We’ve had the same issue using Tally for a MT building. We plan to take the approach of setting the baseline to also be MT and only count the benefit from low-carbon concrete.

1 Like

Hi @iancho ! Do you have any update about the follow-up email to the MR TAG? I’d love to know more about other projects that are reporting the same issue with increases in non-GWP impact categories when switching from concrete to mass timber systems.

My findings so far here: PoCP impact in CLT Structure Buildings - #3 by xramon

1 Like

Hello all!
Did we ever receive any guidance from USGBC/GBCI on this?

Hey everyone,

We’ve run into the same issue, so glad to see this thread pop up. I view it slightly differently however, and it may not be a popular opinion …

I think part of what is underlying all of this is that so much of the industry wants wood to come in and save the environmental day and it doesn’t. No matter how well-sourced wood is, there are still impacts. And I think that LEED actually has this one right to require us to ensure that we don’t increase other impacts while driving down others.

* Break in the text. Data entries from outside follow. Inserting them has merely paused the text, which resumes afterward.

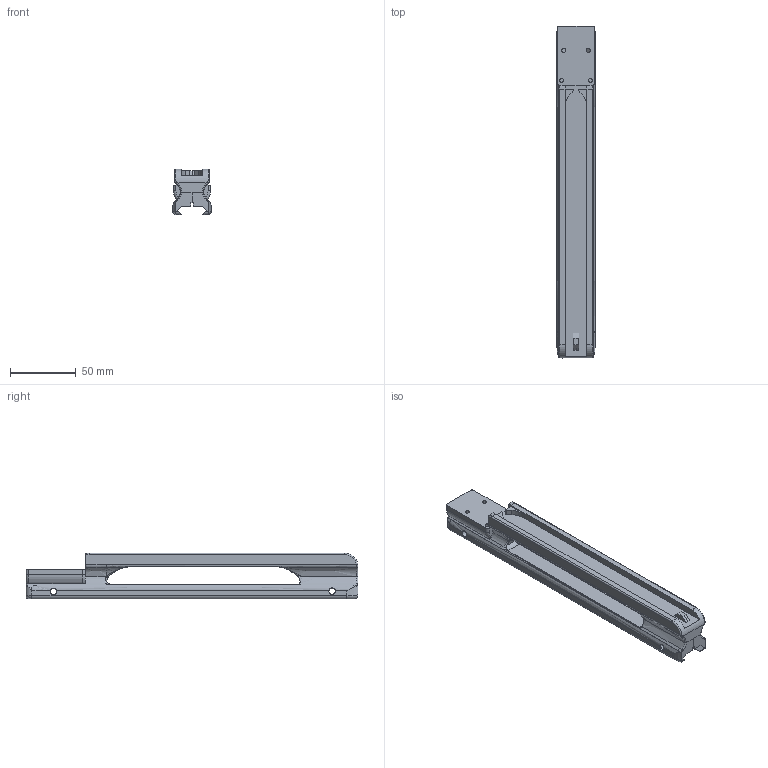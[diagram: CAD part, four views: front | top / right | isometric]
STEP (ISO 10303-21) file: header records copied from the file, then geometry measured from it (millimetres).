
FILE_DESCRIPTION(/* description */ (''),/* implementation_level */ '2;1');
FILE_NAME(/* name */ 'SG22 Carry Handle RMR Release.step',/* time_stamp */ '2021-03-18T08:57:38-06:00',/* author */ (''),/* organization */ (''),/* preprocessor_version */ 'ST-DEVELOPER v18.1',/* originating_system */ 'Autodesk Translation Framework v9.10.0.1330',/* authorisation */ '');
FILE_SCHEMA (('AUTOMOTIVE_DESIGN { 1 0 10303 214 3 1 1 }'));
Length unit declared in the file: millimetre
Products named in the file (1): Brace V2
Bounding box: 28.96 x 252.07 x 34.52 mm (x, y, z)
Volume: 115193.3 mm3; surface area: 43892.1 mm2
Topology: 1 solids, 1 shells, 289 faces, 826 edges, 530 vertices
Faces by surface type: plane 158, bspline 62, cylinder 51, torus 10, sphere 8
Full cylindrical faces by diameter (mm): 3 x4, 5 x4, 5.004 x2
Entity records: 11732 total; most frequent: CARTESIAN_POINT 4595, ORIENTED_EDGE 1652, DIRECTION 1235, EDGE_CURVE 826, VERTEX_POINT 530, LINE 453, VECTOR 453, AXIS2_PLACEMENT_3D 391

Don’t get me wrong … I love a good LEED bashing session, and if they come back and say that we can discount acidification and eutrophication (perhaps assuming other criteria are met for wood sourcing), that would be a great benefit to many of our projects. But we need to be honest with ourselves that while good wood (and making sure it’s good wood is another rabbit hole) does help from a carbon standpoint, it’s not a magic wand.

Jeremy

2 Likes

Think there’s been a healthy growing discussion around the nuances with wood; neither blindly saying it’s good or bad. It’s challenging because numbers are how we justify decisions, but there is certainly a lag between actions needed a day before we have all the information in hand. I appreciate the perspective of this article (shout out @Aurimas !) that underscores the importance of knowing where your wood comes from and building relationships with foresters–similar to relationships we’re building with ready-mix suppliers for concrete.